No ambiente revolucionário do pós 25 de Abril surge, em maio de 1975, o Instituto de Ciências Biomédicas Abel Salazar (ICBAS). Fundado por pessoas como Corino de Andrade, Ruy Luís Gomes e Nuno Grande, então professores na Universidade do Porto (UP), o lema “um médico que só sabe Medicina nem Medicina sabe”, frase do médico e artista Abel Salazar, é impulsionador de todo o trabalho realizado pelo instituto daí em diante. Em 1979 é criada a licenciatura em Medicina e, atualmente, o ICBAS é casa de mais de 29 cursos na área das Ciências da Vida.

“40 anos é uma idade catita”

Hoje realizou-se, às 10h, a cerimónia de aniversário do ICBAS, que contou com a presença de personalidades como o Ministro da Sáude, Paulo Macedo, e o atual Presidente da A3ES e Reitor da UP entre 1985 e 1998, Alberto Amaral.

Ana Santos, investigadora no Programa de Doutoramento em Ciências Veterinárias, considera “muito importante essa força que o ICBAS tem como um todo ao juntar médicos, veterinários, cientistas do meio aquático, bioengenheiros e bioquímicos” e por isso mesmo, em conversa com o JPN, disse “tentar coordenar o trabalho laboratorial com a cerimónia”: “Acho que é um ponto importante na vida do ICBAS”, diz. No entanto, esta sorte não coube a todos os alunos da instituição.

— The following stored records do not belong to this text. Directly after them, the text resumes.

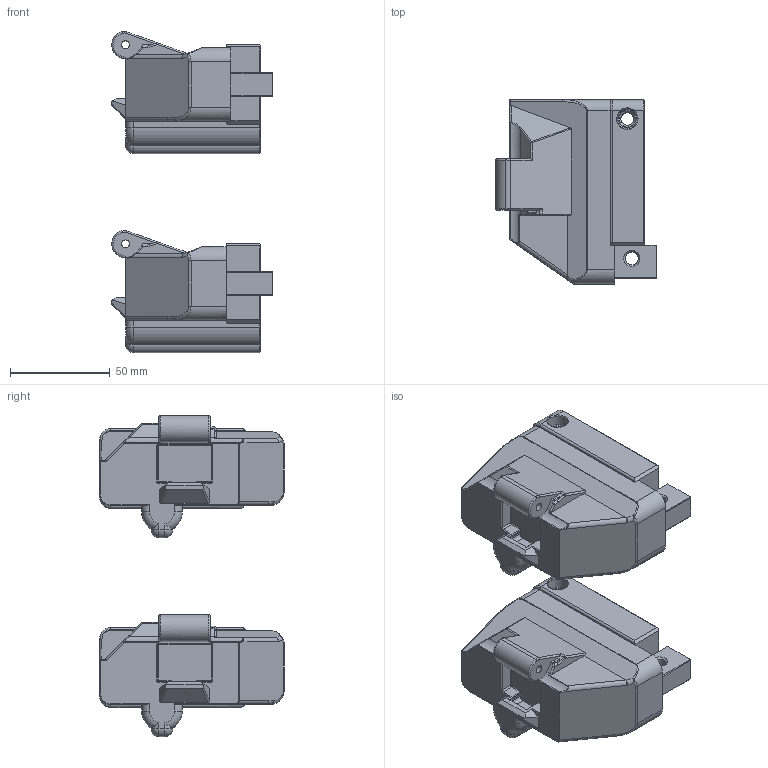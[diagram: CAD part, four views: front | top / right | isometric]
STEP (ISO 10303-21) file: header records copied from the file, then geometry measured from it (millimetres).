
FILE_DESCRIPTION(/* description */ (''),/* implementation_level */ '2;1');
FILE_NAME(/* name */ 'V2 and V3 Hinged Endcap.stp',/* time_stamp */ '2021-08-06T01:08:14+02:00',/* author */ (''),/* organization */ (''),/* preprocessor_version */ 'ST-DEVELOPER v15.2',/* originating_system */ 'Autodesk Translator Framework v2.0.0.5431',/* authorisation */ '');
FILE_SCHEMA (('AUTOMOTIVE_DESIGN { 1 0 10303 214 3 1 1 }'));
Length unit declared in the file: centimetre
Products named in the file (1): V2 and V3 Hinged Endcap
Bounding box: 80.79 x 92.64 x 161.4 mm (x, y, z)
Volume: 384301 mm3; surface area: 66318.4 mm2
Topology: 2 solids, 2 shells, 538 faces, 1363 edges, 834 vertices
Faces by surface type: plane 210, cylinder 179, bspline 54, torus 46, cone 39, sphere 10
Full cylindrical faces by diameter (mm): 4 x3, 6.5 x6, 10 x4, 13 x2, 27.4 x2
Entity records: 18499 total; most frequent: CARTESIAN_POINT 5799, DIRECTION 2649, ORIENTED_EDGE 2620, EDGE_CURVE 1310, AXIS2_PLACEMENT_3D 958, VERTEX_POINT 821, LINE 733, VECTOR 733

Para Ricardo Sousa, aluno do 4.º ano de Medicina, ir a este evento tornou-se impossível por ter exame à mesma hora. Alexandra Sousa, aluna de Medicina Veterinária, está na mesma posição, tal como muitos outros estudantes. “Uma situação de lamentar, até porque foi tudo muito avisado em cima da hora. A direção deu a entender que haveriam outras atividades associadas a esta celebração, não só esta cerimónia, no entanto não sabemos o que é que isso vai ser em concreto”, afirma. A também vice-presidente para as Relações Externas da Associação de Estudantes (AEICBAS) referiu não ter existido “qualquer indicação de que haveria justificação de faltas”, por exemplo.

Para o diretor do ICBAS, António Sousa Pereira, estas “datas redondas são uma forma de olhar para trás e perceber se a missão que o ICBAS se propôs desempenhar quando foi criado foi esta” e se o objetivo está a ser conseguido ou não. O médico considera que os últimos anos da instituição têm sido bastante positivos: “O ICBAS está em contra ciclo com o ambiente de desalento que se vive no país”.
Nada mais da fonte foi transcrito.